Extracted records:
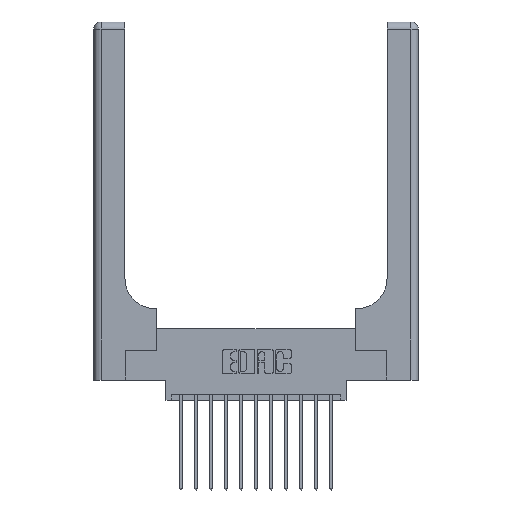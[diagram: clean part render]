
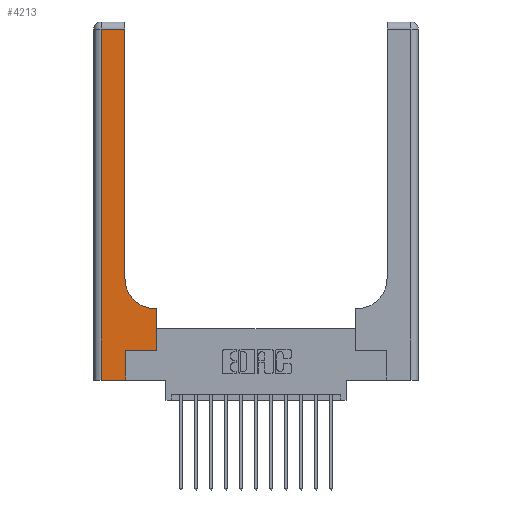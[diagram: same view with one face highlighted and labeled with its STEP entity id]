
A CAD part, top view. The second image highlights one B-rep face of the part: STEP entity #4213.
In plain terms, the highlighted planar face has unit normal (0, 0, 1).
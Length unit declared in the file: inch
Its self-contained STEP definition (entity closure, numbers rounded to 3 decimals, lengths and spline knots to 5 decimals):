
#108 = LINE ( 'NONE', #3521, #7001 ) ;
#132 = VECTOR ( 'NONE', #3655, 39.37008 ) ;
#466 = DIRECTION ( 'NONE',  ( 0., 0., -1. ) ) ;
#785 = CARTESIAN_POINT ( 'NONE',  ( 0.528, 0.6, 0.37 ) ) ;
#1091 = ORIENTED_EDGE ( 'NONE', *, *, #14571, .T. ) ;
#1348 = ORIENTED_EDGE ( 'NONE', *, *, #4970, .T. ) ;
#1455 = VERTEX_POINT ( 'NONE', #3039 ) ;
#1484 = LINE ( 'NONE', #12244, #14382 ) ;
#1774 = DIRECTION ( 'NONE',  ( 0., 1., 0. ) ) ;
#1775 = EDGE_CURVE ( 'NONE', #5137, #8165, #16695, .T. ) ;
#1912 = VERTEX_POINT ( 'NONE', #14393 ) ;
#1943 = VERTEX_POINT ( 'NONE', #10589 ) ;
#2140 = VERTEX_POINT ( 'NONE', #5893 ) ;
#2846 = DIRECTION ( 'NONE',  ( 0., 1., 0. ) ) ;
#2883 = VERTEX_POINT ( 'NONE', #15592 ) ;
#3039 = CARTESIAN_POINT ( 'NONE',  ( 0.06, 2.94, 0.37 ) ) ;
#3317 = VERTEX_POINT ( 'NONE', #15241 ) ;
#3411 = VECTOR ( 'NONE', #2846, 39.37008 ) ;
#3521 = CARTESIAN_POINT ( 'NONE',  ( 0., 0., 0.37 ) ) ;
#3573 = CIRCLE ( 'NONE', #16292, 0.25 ) ;
#3598 = LINE ( 'NONE', #8787, #132 ) ;
#3655 = DIRECTION ( 'NONE',  ( -1., 0., 0. ) ) ;
#3744 = LINE ( 'NONE', #15374, #10203 ) ;
#4106 = AXIS2_PLACEMENT_3D ( 'NONE', #5614, #466, #9510 ) ;
#4213 = ADVANCED_FACE ( 'NONE', ( #6364 ), #8212, .F. ) ;
#4263 = CARTESIAN_POINT ( 'NONE',  ( 0.26, 3., 0.37 ) ) ;
#4506 = CARTESIAN_POINT ( 'NONE',  ( 0.51, 0.6, 0.37 ) ) ;
#4811 = DIRECTION ( 'NONE',  ( 1., 0., 0. ) ) ;
#4970 = EDGE_CURVE ( 'NONE', #1455, #2140, #1484, .T. ) ;
#5137 = VERTEX_POINT ( 'NONE', #785 ) ;
#5180 = DIRECTION ( 'NONE',  ( -1., 0., 0. ) ) ;
#5333 = DIRECTION ( 'NONE',  ( 0., 0., -1. ) ) ;
#5614 = CARTESIAN_POINT ( 'NONE',  ( 0., 3., 0.37 ) ) ;
#5846 = VECTOR ( 'NONE', #1774, 39.37008 ) ;
#5893 = CARTESIAN_POINT ( 'NONE',  ( 0.06, 0., 0.37 ) ) ;
#6278 = EDGE_CURVE ( 'NONE', #8165, #1912, #3573, .T. ) ;
#6364 = FACE_OUTER_BOUND ( 'NONE', #12385, .T. ) ;
#7001 = VECTOR ( 'NONE', #4811, 39.37008 ) ;
#7003 = ORIENTED_EDGE ( 'NONE', *, *, #1775, .T. ) ;
#7437 = ORIENTED_EDGE ( 'NONE', *, *, #6278, .T. ) ;
#7697 = DIRECTION ( 'NONE',  ( 1., 0., 0. ) ) ;
#8165 = VERTEX_POINT ( 'NONE', #4506 ) ;
#8212 = PLANE ( 'NONE',  #4106 ) ;
#8480 = LINE ( 'NONE', #4263, #5846 ) ;
#8787 = CARTESIAN_POINT ( 'NONE',  ( 0., 2.94, 0.37 ) ) ;
#9372 = VERTEX_POINT ( 'NONE', #10676 ) ;
#9510 = DIRECTION ( 'NONE',  ( -1., 0., 0. ) ) ;
#9897 = VECTOR ( 'NONE', #5180, 39.37008 ) ;
#9909 = CARTESIAN_POINT ( 'NONE',  ( 0.265, 0., 0.37 ) ) ;
#10203 = VECTOR ( 'NONE', #7697, 39.37008 ) ;
#10443 = VECTOR ( 'NONE', #11197, 39.37008 ) ;
#10540 = EDGE_CURVE ( 'NONE', #1912, #9372, #8480, .T. ) ;
#10575 = CARTESIAN_POINT ( 'NONE',  ( 0.528, 0.25, 0.37 ) ) ;
#10589 = CARTESIAN_POINT ( 'NONE',  ( 0.528, 0.25, 0.37 ) ) ;
#10676 = CARTESIAN_POINT ( 'NONE',  ( 0.26, 2.94, 0.37 ) ) ;
#11138 = EDGE_CURVE ( 'NONE', #1943, #5137, #13282, .T. ) ;
#11197 = DIRECTION ( 'NONE',  ( 0., 1., 0. ) ) ;
#11270 = ORIENTED_EDGE ( 'NONE', *, *, #11138, .T. ) ;
#12244 = CARTESIAN_POINT ( 'NONE',  ( 0.06, 3., 0.37 ) ) ;
#12385 = EDGE_LOOP ( 'NONE', ( #14023, #15527, #1348, #13646, #1091, #13556, #11270, #7003, #7437 ) ) ;
#12612 = EDGE_CURVE ( 'NONE', #9372, #1455, #3598, .T. ) ;
#12887 = CARTESIAN_POINT ( 'NONE',  ( 0.26, 0.6, 0.37 ) ) ;
#13038 = CARTESIAN_POINT ( 'NONE',  ( 0.51, 0.85, 0.37 ) ) ;
#13282 = LINE ( 'NONE', #10575, #3411 ) ;
#13538 = DIRECTION ( 'NONE',  ( 0., -1., 0. ) ) ;
#13556 = ORIENTED_EDGE ( 'NONE', *, *, #15841, .T. ) ;
#13646 = ORIENTED_EDGE ( 'NONE', *, *, #14598, .T. ) ;
#13835 = LINE ( 'NONE', #9909, #10443 ) ;
#14023 = ORIENTED_EDGE ( 'NONE', *, *, #10540, .T. ) ;
#14326 = DIRECTION ( 'NONE',  ( 1., 0., 0. ) ) ;
#14382 = VECTOR ( 'NONE', #13538, 39.37008 ) ;
#14393 = CARTESIAN_POINT ( 'NONE',  ( 0.26, 0.85, 0.37 ) ) ;
#14571 = EDGE_CURVE ( 'NONE', #3317, #2883, #13835, .T. ) ;
#14598 = EDGE_CURVE ( 'NONE', #2140, #3317, #108, .T. ) ;
#15241 = CARTESIAN_POINT ( 'NONE',  ( 0.265, 0., 0.37 ) ) ;
#15374 = CARTESIAN_POINT ( 'NONE',  ( 0.265, 0.25, 0.37 ) ) ;
#15527 = ORIENTED_EDGE ( 'NONE', *, *, #12612, .T. ) ;
#15592 = CARTESIAN_POINT ( 'NONE',  ( 0.265, 0.25, 0.37 ) ) ;
#15841 = EDGE_CURVE ( 'NONE', #2883, #1943, #3744, .T. ) ;
#16292 = AXIS2_PLACEMENT_3D ( 'NONE', #13038, #5333, #14326 ) ;
#16695 = LINE ( 'NONE', #12887, #9897 ) ;

#### What is required:
Looking at the data above, show all lines where the word "DIRECTION" occurs.

#### Solution to this exercise:
#466 = DIRECTION ( 'NONE',  ( 0., 0., -1. ) ) ;
#1774 = DIRECTION ( 'NONE',  ( 0., 1., 0. ) ) ;
#2846 = DIRECTION ( 'NONE',  ( 0., 1., 0. ) ) ;
#3655 = DIRECTION ( 'NONE',  ( -1., 0., 0. ) ) ;
#4811 = DIRECTION ( 'NONE',  ( 1., 0., 0. ) ) ;
#5180 = DIRECTION ( 'NONE',  ( -1., 0., 0. ) ) ;
#5333 = DIRECTION ( 'NONE',  ( 0., 0., -1. ) ) ;
#7697 = DIRECTION ( 'NONE',  ( 1., 0., 0. ) ) ;
#9510 = DIRECTION ( 'NONE',  ( -1., 0., 0. ) ) ;
#11197 = DIRECTION ( 'NONE',  ( 0., 1., 0. ) ) ;
#13538 = DIRECTION ( 'NONE',  ( 0., -1., 0. ) ) ;
#14326 = DIRECTION ( 'NONE',  ( 1., 0., 0. ) ) ;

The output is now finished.